Let $B$ be a non-empty set. Then the following are equivalent:
(1) $B$ is finite.
(2) There is a surjective funtion $f:\{1,…,n\}\rightarrow B$ for some $n\in \mathbb{N}$
(3) There is an injective function $g:B \rightarrow \{1,…,n\}$ for some $n\in \mathbb{N}$
My attempt:
(1) $\Rightarrow$ (2)
Since, $B$ is a non-empty finite set, there exists a bijective function $h:B \rightarrow \{1,…,n\} $ for some $n\in \mathbb{N}$.
So, there exists a bijective inverse function $h^{-1}:\{1,…,n\}\rightarrow B$. for some $n\in \mathbb{N}$.
$\therefore$ There exists a surjective function $f:\{1,…,n\}\rightarrow B$ for some $n\in \mathbb{N}$.
I'm not sure if my above proof is valid.
Also, can someone please help me with the proofs for (2)$\Rightarrow$ (3) and (3)$\Rightarrow$ (1) ??
Best Answer
Your proof seems ok. For the others
(2) => (3)
Let $f$ be your surjection $\{1,\dots,n\} \to B$.
Define $g$ as $$g(b) = \min \{i \in \{1,\dots,n\} \mid f(i) = b\}.$$ This is well defined because $f$ is surjective, hence the set is never empty, and always finite.

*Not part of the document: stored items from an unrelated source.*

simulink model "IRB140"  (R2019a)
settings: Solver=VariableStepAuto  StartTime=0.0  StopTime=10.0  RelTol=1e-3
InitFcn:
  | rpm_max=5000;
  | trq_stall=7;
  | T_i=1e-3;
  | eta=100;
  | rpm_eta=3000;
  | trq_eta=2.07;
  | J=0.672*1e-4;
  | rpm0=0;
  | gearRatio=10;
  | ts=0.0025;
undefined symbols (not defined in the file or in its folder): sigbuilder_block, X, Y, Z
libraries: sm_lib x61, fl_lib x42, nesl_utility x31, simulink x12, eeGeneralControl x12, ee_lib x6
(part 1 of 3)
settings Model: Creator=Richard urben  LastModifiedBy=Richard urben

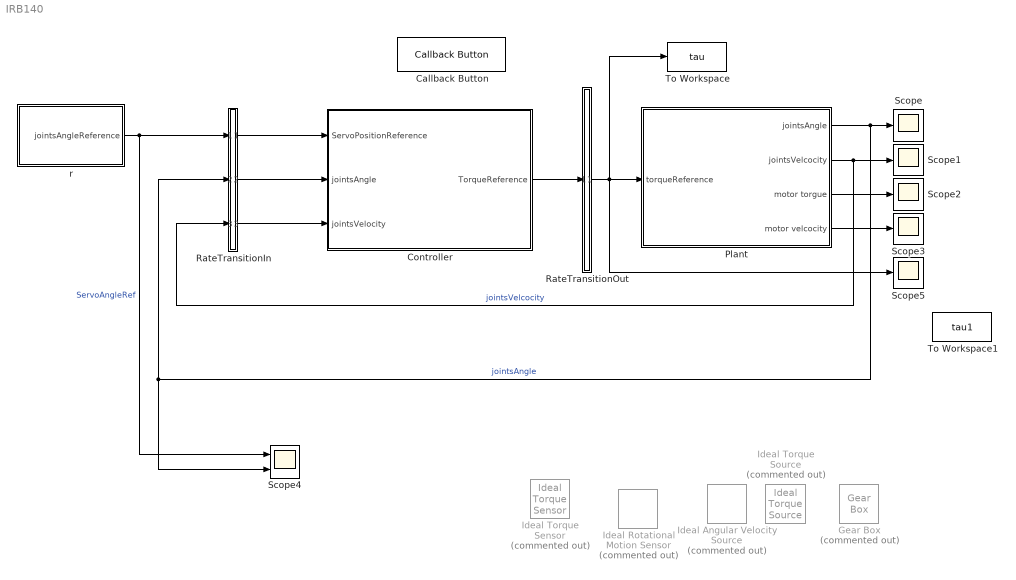
== system IRB140 ==
  Callback Button : CallbackButton  ButtonText=controler tuner
      settings: ClickFcn=|
      | h=0.005;
      | k=0.5;
      | controlParameters;
      | controlSystemTuner('ControlSystemTunerSession.mat');
  Controller : Subsystem
  Gear Box : fl_lib/Mechanical/Mechanisms/Gear Box  Commented=on  ratio=5  t_in_specify=off  t_in_priority=None  t_in=0 N*m  t_in_nominal_specify=off  t_in_nominal_unit=N*m  t_in_nominal_value=1  t_out_specify=off  t_out_priority=None  t_out=0 N*m  t_out_nominal_specify=off  t_out_nominal_unit=N*m  t_out_nominal_value=1
  Ideal Angular Velocity Source : fl_lib/Mechanical/Mechanical Sources/Ideal Angular Velocity Source  Commented=on
  Ideal Rotational Motion Sensor : fl_lib/Mechanical/Mechanical Sensors/Ideal Rotational Motion Sensor  Commented=on  offset=0 rad
  Ideal Torque Sensor : fl_lib/Mechanical/Mechanical Sensors/Ideal Torque Sensor  Commented=on
  Ideal Torque Source : fl_lib/Mechanical/Mechanical Sources/Ideal Torque Source  Commented=on
  Plant : Subsystem
  RateTransitionIn : Subsystem
  RateTransitionOut : Subsystem
  Scope{,1..3,5} (5 alike) : Scope
  Scope4 : Scope  NumInputPorts=2
  To Workspace : ToWorkspace  VariableName=tau  SaveFormat=Timeseries  SampleTime=2.5e-3
      settings: Decimation=6
  To Workspace1 : ToWorkspace  VariableName=tau1  SaveFormat=Timeseries  SampleTime=2.5e-3
      settings: Decimation=6
  r : Subsystem
      mask Display: disp('input')
  wires:
  Plant/2(jointsVelcocity) -> RateTransitionIn/3(joints_VelocityIn), Scope1/1  "jointsVelcocity"
  RateTransitionOut/1(tRef) -> Scope5/1, To Workspace/1, Plant/1(torqueReference)
  Controller/1(TorqueReference) -> RateTransitionOut/1(tRefIn)
  RateTransitionIn/1(ServoPositionRefOut) -> Controller/1(ServoPositionReference)
  RateTransitionIn/2(joints_AngleOut) -> Controller/2(jointsAngle)
  RateTransitionIn/3(joints_VelocityOut) -> Controller/3(jointsVelocity)
  Plant/1(jointsAngle) -> Scope4/2, RateTransitionIn/2(joints_AngleIn), Scope/1  "jointsAngle"
  r/1(jointsAngleReference) -> Scope4/1, RateTransitionIn/1(ServoPositionRefIn)  "ServoAngleRef"
  Plant/3(motor torgue) -> Scope2/1
  Plant/4(motor velcocity) -> Scope3/1

== system IRB140/Controller ==
  ServoPositionReference : Inport  Unit=deg  SampleTime=ts
  jointsAngle : Inport  Port=2  Unit=deg  SampleTime=ts
  jointsVelocity : Inport  Port=3  Unit=deg/s  SampleTime=ts
  Servomotor Position Controller : Subsystem
  Servomotor Speed Controller : Subsystem
  TorqueReference : Outport  Unit=N*m  SampleTime=ts
  wires:
  Servomotor Speed Controller/1(servo_Tref) -> TorqueReference/1  "Tref"
  jointsAngle/1 -> Servomotor Position Controller/2(joint_q)
  jointsVelocity/1 -> Servomotor Speed Controller/2(joint_qd)
  ServoPositionReference/1 -> Servomotor Position Controller/1(servon_qref)
  Servomotor Position Controller/1(servon_qdref) -> Servomotor Speed Controller/1(servon_qdref)  "servoqdref"

== system IRB140/Plant ==
  torqueReference : Inport  Unit=N*m
  DC Voltage Source : fl_lib/Electrical/Electrical Sources/DC Voltage Source  v0=12 V
  ERef Vcc : fl_lib/Electrical/Electrical Elements/Electrical Reference
      settings: SourceProductName=Foundation Library
  MRRef Motor : fl_lib/Mechanical/Rotational Elements/Mechanical Rotational Reference
      settings: SourceProductName=Foundation Library
  robot : Subsystem
  servo system : Subsystem
  jointsAngle : Outport  Unit=deg
  jointsVelcocity : Outport  Port=2  Unit=deg/s
  motor torgue : Outport  Port=3
  motor velcocity : Outport  Port=4
  wires:
  robot/2(w) -> jointsVelcocity/1  "jointsvelocity"
  robot/1(q) -> jointsAngle/1  "jointsangle"
  servo system/1(torque) -> motor torgue/1  "motor torque"
  servo system/2(motVel) -> motor velcocity/1  "motor velocity"
  torqueReference/1 -> servo system/1(tRef)
  connections:
  robot/LConn4 -- servo system/RConn4
  robot/LConn5 -- servo system/RConn5
  robot/LConn3 -- servo system/RConn3
  robot/LConn1 -- servo system/RConn1
  robot/LConn6 -- servo system/RConn6
  servo system/RConn7 -- MRRef Motor/LConn1 -- robot/LConn7
  robot/LConn2 -- servo system/RConn2
  ERef Vcc/LConn1 -- DC Voltage Source/RConn1 -- servo system/LConn2
  DC Voltage Source/LConn1 -- servo system/LConn1

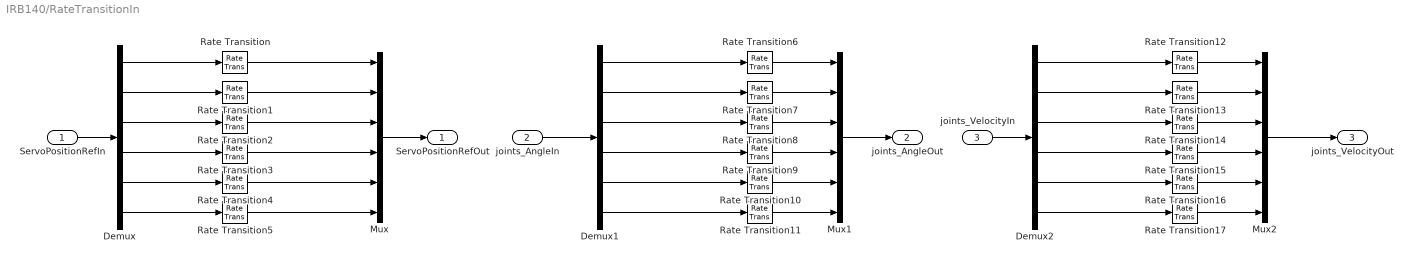
== system IRB140/RateTransitionIn ==
  ServoPositionRefIn : Inport  Unit=deg
  joints_AngleIn : Inport  Port=2  Unit=deg
  joints_VelocityIn : Inport  Port=3
  Demux : Demux  Outputs=6
  Demux1 : Demux  Outputs=6
  Demux2 : Demux  Outputs=6
  Mux : Mux  Inputs=6
  Mux1 : Mux  Inputs=6
  Mux2 : Mux  Inputs=6
  Rate Transition{,1..17} (18 alike) : RateTransition  OutPortSampleTime=ts
  ServoPositionRefOut : Outport
  joints_AngleOut : Outport  Port=2
  joints_VelocityOut : Outport  Port=3
  wires:
  Demux1/6 -> Rate Transition11/1
  Demux1/3 -> Rate Transition8/1
  joints_AngleIn/1 -> Demux1/1
  Demux1/1 -> Rate Transition6/1
  Demux1/5 -> Rate Transition10/1
  Demux/6 -> Rate Transition5/1
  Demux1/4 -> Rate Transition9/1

Then, let $x,y\in B$ such that $g(x) = g(y)$. By definition, $f(g(x)) = x$ and $f(g(y)) = y$, and $f(g(x)) = f (g(y)$, thus $x=y$.
(3) => (1)
Let $g$ be your injection $B\to \{1,\dots,n\}$. Then $h:B \to Im(g)$ defined by $h(x) = g(x)$ is a bijection, and $Im(g) \subseteq \{1,\dots,n\}$ which is finite.You have then a bijection between $B$ and a finite set, thus $B$ is finite.